沐宝青一愣忡,关于儿时的记忆很少,她甚至都记不起自己的父母来,却记得第一次见到师父的那年,那时候她饿的头晕眼花,就去抢了一个桌子上的烧鸡,那时候,她眼里只看得到烧鸡,哪里看得到那些人都是穿着官服的身高体壮的男人!沐宝青抱着烧鸡发足狂奔却没有跑出多远,就被那些人拎回来,像是一个皮球般踢来踢去,沐宝青浑身钻心的疼痛,就在她以为自己要死掉了的时候,落在身上的拳打脚踢突然停了下来。
睁开眼睛,只见一个穿着一身素衣的男人,面容干净文雅,跟她说:“别怕。”
后来,她知道了这个人叫宫南羽。
这人成了她的师父。
宫南羽对沐宝青来说始终是一个谜。她有时候觉得师父是一个远离市井的隐士,有时候又觉得师父是一个劫富济贫的绿林好汉,但是她知道师父很厉害,那天没有听到任何的打斗声,那些男人全都倒在了地上,仿佛是被一阵风刮到了一般,沐宝青惊讶的看去,宫南羽只告诉她他们都被吓晕了。
沐宝青信了。信了很多年。
直到她看到平瑶姬喉咙中间的那一个小小的红点,那一刻,她才知道当年那些人根本不是晕倒了,他们是死了。沐宝青从小就眼尖,她清清楚楚的记得那些倒在地上的男人,喉咙中间也有一个红点。

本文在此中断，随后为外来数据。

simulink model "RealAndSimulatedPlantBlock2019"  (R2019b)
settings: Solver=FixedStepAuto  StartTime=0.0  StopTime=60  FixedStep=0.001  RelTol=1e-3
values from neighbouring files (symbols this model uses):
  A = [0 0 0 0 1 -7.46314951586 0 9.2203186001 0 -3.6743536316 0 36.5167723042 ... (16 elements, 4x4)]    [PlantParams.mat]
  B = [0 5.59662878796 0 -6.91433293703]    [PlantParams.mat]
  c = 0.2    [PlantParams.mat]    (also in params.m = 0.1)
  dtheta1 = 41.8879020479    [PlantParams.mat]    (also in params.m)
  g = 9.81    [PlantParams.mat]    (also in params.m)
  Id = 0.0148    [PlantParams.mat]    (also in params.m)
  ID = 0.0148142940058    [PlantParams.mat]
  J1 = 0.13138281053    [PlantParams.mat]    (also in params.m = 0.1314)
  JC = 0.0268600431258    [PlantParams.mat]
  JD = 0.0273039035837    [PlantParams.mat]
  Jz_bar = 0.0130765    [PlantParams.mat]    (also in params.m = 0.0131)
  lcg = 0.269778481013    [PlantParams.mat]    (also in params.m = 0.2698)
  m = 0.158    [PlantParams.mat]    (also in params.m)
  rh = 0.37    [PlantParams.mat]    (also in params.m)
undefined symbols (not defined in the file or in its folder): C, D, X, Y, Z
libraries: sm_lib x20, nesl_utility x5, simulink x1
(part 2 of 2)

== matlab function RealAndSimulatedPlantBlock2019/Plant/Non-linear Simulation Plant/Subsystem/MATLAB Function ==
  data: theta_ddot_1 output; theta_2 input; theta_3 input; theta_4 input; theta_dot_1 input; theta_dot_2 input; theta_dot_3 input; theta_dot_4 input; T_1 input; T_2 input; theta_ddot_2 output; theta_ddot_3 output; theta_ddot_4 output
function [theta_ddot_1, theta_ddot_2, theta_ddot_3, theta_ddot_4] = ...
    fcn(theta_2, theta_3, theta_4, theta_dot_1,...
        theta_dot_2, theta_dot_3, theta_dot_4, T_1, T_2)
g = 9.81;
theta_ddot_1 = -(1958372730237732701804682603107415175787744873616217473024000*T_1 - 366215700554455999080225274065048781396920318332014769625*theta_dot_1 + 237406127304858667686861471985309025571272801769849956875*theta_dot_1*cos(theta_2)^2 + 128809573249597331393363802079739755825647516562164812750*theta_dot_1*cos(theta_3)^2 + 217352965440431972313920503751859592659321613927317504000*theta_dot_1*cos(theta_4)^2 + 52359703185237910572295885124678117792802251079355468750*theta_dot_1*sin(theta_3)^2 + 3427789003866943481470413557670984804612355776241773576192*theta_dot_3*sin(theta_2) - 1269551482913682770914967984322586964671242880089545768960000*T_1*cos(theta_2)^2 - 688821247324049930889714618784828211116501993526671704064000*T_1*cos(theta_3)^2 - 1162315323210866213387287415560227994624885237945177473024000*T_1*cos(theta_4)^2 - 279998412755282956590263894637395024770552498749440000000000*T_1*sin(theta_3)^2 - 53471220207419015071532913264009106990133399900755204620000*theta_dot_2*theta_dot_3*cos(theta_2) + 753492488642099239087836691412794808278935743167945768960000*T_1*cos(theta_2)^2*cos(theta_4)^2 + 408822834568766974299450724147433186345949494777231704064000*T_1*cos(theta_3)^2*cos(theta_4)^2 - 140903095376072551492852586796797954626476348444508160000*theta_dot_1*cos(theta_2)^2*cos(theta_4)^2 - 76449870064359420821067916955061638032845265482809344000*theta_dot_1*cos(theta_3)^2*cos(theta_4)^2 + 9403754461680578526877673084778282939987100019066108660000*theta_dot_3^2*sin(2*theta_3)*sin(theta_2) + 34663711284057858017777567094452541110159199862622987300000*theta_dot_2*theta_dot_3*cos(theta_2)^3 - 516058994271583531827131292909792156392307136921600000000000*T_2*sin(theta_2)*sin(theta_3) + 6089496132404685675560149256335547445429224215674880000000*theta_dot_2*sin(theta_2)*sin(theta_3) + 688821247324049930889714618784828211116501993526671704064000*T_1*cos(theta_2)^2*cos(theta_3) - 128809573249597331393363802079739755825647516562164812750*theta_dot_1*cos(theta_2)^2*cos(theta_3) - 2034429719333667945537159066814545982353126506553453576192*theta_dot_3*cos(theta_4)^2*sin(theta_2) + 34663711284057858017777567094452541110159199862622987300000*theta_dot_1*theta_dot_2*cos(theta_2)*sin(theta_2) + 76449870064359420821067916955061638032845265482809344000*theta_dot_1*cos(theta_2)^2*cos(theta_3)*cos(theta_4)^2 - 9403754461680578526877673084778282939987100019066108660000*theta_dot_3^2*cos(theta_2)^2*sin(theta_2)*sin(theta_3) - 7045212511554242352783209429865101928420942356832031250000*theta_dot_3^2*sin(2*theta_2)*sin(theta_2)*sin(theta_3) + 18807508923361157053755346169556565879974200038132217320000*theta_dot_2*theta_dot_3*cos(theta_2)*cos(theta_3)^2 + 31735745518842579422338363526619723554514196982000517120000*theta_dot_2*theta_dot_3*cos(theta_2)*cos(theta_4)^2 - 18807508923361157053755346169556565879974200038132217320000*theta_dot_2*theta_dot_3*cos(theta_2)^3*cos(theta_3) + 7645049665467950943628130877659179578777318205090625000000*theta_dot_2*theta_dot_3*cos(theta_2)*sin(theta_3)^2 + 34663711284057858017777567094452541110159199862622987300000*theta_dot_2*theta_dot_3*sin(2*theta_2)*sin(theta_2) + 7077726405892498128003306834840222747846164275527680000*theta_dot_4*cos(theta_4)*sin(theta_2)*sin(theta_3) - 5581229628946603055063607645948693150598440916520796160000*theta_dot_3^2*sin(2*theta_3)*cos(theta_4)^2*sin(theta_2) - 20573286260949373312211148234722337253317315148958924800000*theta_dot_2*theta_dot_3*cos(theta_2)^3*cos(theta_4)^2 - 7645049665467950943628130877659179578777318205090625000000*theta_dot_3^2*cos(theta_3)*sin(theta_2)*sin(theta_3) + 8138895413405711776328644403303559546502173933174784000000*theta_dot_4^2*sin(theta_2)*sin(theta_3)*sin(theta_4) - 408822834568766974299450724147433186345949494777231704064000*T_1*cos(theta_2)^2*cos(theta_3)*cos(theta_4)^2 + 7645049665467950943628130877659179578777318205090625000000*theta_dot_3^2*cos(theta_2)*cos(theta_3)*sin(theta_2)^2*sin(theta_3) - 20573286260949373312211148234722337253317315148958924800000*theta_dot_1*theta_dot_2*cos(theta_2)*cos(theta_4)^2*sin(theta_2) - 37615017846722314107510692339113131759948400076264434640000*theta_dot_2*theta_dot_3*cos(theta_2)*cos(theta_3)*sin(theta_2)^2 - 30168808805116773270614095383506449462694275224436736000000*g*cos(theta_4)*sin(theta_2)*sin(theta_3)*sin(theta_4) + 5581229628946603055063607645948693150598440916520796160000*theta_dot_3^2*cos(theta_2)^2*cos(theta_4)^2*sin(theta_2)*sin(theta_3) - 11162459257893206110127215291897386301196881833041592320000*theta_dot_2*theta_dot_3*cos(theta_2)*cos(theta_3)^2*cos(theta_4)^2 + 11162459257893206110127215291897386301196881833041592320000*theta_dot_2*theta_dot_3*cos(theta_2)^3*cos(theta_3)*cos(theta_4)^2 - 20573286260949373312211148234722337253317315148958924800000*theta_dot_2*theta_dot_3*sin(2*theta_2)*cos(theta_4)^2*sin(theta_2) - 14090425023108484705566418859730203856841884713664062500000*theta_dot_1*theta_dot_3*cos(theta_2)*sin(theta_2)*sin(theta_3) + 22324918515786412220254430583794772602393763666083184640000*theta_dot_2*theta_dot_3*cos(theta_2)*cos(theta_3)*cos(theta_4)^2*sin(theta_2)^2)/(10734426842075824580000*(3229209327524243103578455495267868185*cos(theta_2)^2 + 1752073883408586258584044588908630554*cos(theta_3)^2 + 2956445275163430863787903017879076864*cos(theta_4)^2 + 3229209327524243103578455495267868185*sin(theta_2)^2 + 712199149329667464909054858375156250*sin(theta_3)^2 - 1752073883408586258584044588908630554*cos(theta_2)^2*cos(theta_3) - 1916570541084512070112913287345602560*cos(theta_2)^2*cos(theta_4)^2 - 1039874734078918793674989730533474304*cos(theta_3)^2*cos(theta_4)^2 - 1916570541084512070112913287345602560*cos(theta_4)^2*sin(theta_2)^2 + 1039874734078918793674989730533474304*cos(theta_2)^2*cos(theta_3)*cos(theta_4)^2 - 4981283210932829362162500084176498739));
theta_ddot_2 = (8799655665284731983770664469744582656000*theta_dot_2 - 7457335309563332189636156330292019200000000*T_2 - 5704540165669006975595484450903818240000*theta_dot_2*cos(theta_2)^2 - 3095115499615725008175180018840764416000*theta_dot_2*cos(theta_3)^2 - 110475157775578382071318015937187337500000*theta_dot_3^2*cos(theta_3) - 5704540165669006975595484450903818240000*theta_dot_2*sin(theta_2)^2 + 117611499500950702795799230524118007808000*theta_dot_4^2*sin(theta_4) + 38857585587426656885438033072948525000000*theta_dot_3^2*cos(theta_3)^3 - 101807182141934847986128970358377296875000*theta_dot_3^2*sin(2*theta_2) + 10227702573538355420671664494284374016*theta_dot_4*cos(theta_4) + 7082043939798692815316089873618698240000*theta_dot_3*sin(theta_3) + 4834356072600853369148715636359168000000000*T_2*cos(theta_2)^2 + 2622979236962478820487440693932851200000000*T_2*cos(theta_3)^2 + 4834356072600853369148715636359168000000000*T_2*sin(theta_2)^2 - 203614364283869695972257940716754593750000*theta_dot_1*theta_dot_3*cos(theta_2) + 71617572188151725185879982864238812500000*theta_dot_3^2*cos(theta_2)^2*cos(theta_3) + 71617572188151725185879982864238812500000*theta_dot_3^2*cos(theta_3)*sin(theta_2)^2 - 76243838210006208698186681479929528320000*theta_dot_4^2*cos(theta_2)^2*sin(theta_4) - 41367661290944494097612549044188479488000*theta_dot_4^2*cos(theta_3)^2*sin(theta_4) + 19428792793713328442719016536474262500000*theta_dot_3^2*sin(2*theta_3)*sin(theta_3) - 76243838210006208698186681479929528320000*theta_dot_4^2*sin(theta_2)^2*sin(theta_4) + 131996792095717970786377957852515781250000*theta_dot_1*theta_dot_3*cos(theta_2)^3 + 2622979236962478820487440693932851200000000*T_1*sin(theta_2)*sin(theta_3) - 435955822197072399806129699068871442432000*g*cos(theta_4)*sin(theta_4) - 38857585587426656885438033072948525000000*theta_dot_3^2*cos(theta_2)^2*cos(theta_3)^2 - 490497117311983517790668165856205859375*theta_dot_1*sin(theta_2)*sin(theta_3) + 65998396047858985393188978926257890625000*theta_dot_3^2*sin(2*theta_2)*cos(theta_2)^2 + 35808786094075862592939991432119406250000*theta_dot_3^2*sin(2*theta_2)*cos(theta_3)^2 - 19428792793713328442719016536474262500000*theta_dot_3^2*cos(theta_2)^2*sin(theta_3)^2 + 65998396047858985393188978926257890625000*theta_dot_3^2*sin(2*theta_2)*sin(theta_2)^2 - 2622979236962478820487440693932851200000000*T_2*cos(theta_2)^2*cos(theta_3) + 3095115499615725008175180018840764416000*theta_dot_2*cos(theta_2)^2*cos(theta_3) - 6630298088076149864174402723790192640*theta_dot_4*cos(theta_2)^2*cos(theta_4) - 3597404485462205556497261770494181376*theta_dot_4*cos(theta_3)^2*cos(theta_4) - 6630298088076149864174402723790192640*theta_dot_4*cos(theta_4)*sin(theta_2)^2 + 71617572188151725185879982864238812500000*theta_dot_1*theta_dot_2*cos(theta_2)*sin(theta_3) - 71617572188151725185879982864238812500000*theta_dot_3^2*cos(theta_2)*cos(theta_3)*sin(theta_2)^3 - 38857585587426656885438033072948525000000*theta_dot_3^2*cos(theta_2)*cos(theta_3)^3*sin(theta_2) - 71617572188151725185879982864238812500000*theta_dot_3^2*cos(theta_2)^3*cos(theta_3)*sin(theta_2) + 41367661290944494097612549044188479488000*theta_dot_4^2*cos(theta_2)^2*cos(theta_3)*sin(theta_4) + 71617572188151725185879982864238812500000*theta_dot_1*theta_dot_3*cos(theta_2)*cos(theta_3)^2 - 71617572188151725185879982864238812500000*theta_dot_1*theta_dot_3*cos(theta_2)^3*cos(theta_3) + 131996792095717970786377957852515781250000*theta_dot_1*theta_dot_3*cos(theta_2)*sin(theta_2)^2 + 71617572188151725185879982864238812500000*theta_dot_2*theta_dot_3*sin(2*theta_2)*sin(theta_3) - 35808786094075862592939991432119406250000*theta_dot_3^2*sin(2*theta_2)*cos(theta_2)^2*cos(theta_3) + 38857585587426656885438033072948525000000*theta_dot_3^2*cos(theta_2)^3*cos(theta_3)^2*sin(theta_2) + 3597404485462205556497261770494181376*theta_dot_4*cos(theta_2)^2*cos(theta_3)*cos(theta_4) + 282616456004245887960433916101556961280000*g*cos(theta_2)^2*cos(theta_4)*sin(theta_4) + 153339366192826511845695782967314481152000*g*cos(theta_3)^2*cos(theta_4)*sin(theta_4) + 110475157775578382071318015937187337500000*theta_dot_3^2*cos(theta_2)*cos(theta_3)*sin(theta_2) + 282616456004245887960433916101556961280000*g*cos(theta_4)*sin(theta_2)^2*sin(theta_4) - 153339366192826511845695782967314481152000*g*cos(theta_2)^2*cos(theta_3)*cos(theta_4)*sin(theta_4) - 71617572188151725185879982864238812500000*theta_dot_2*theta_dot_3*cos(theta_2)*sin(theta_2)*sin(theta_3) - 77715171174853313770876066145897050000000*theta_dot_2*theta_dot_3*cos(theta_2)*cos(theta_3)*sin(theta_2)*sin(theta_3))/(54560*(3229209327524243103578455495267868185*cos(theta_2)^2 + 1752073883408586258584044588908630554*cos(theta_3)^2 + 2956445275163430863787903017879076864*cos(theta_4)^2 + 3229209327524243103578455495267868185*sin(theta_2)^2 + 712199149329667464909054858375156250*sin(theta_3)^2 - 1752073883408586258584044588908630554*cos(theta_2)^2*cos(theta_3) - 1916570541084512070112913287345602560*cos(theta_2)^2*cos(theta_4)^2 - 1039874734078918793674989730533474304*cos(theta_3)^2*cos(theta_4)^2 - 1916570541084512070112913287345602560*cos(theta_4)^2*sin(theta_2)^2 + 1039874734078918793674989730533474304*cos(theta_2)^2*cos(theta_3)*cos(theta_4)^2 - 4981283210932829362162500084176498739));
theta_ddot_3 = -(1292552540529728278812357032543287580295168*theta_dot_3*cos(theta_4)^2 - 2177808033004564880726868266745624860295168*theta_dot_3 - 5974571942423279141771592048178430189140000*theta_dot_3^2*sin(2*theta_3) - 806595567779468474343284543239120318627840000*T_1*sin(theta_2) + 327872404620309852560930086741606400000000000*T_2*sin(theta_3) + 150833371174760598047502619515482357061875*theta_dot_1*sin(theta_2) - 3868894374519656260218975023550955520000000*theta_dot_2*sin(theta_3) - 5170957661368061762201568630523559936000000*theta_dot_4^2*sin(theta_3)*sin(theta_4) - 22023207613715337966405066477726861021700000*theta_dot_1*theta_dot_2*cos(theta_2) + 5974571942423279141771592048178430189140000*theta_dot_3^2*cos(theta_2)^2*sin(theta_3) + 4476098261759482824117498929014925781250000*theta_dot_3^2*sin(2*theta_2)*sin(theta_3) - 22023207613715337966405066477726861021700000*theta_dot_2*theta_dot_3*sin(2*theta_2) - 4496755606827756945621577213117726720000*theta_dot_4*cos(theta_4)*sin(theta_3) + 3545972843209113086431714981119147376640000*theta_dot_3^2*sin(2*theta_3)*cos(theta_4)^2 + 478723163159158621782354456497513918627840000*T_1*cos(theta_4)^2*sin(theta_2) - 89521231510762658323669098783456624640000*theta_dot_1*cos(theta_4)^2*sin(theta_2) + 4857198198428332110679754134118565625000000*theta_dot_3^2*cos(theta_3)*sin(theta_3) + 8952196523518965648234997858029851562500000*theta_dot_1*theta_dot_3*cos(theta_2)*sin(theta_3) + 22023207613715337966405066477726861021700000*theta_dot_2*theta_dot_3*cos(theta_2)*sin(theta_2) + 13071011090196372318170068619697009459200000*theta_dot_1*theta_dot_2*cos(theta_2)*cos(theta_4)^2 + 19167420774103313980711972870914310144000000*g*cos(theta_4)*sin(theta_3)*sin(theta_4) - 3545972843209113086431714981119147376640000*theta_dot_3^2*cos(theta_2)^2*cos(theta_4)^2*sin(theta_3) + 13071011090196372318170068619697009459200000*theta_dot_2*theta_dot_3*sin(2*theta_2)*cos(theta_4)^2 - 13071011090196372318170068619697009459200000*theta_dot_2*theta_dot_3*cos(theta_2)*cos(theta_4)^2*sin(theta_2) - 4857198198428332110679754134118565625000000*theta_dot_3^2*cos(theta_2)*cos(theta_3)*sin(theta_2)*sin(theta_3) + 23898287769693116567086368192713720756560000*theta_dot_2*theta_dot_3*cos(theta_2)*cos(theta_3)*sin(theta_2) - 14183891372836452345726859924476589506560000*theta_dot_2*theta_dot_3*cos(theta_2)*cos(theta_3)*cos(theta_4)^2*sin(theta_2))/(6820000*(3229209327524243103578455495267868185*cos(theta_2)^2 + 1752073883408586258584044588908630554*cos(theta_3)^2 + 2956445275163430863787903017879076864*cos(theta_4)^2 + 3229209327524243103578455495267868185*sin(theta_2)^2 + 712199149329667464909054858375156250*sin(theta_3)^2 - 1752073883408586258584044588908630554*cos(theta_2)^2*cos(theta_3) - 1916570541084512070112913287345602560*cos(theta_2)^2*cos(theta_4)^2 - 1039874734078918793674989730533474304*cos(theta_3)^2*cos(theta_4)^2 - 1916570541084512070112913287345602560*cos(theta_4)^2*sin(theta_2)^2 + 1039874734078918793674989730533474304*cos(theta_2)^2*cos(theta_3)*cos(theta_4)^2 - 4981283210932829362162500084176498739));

沐宝青见过师姐出手狠辣,也知道师父行走江湖自然也免不了打打杀杀,可是想到当年那十几个男人被全都杀死,饶是他们欺负她幼小,沐宝青也有些胆战心惊。
“师父,官府的人真的全都是坏人吗?”沐宝青觉得自己问了一句废话,可是她想问的话却问不出来。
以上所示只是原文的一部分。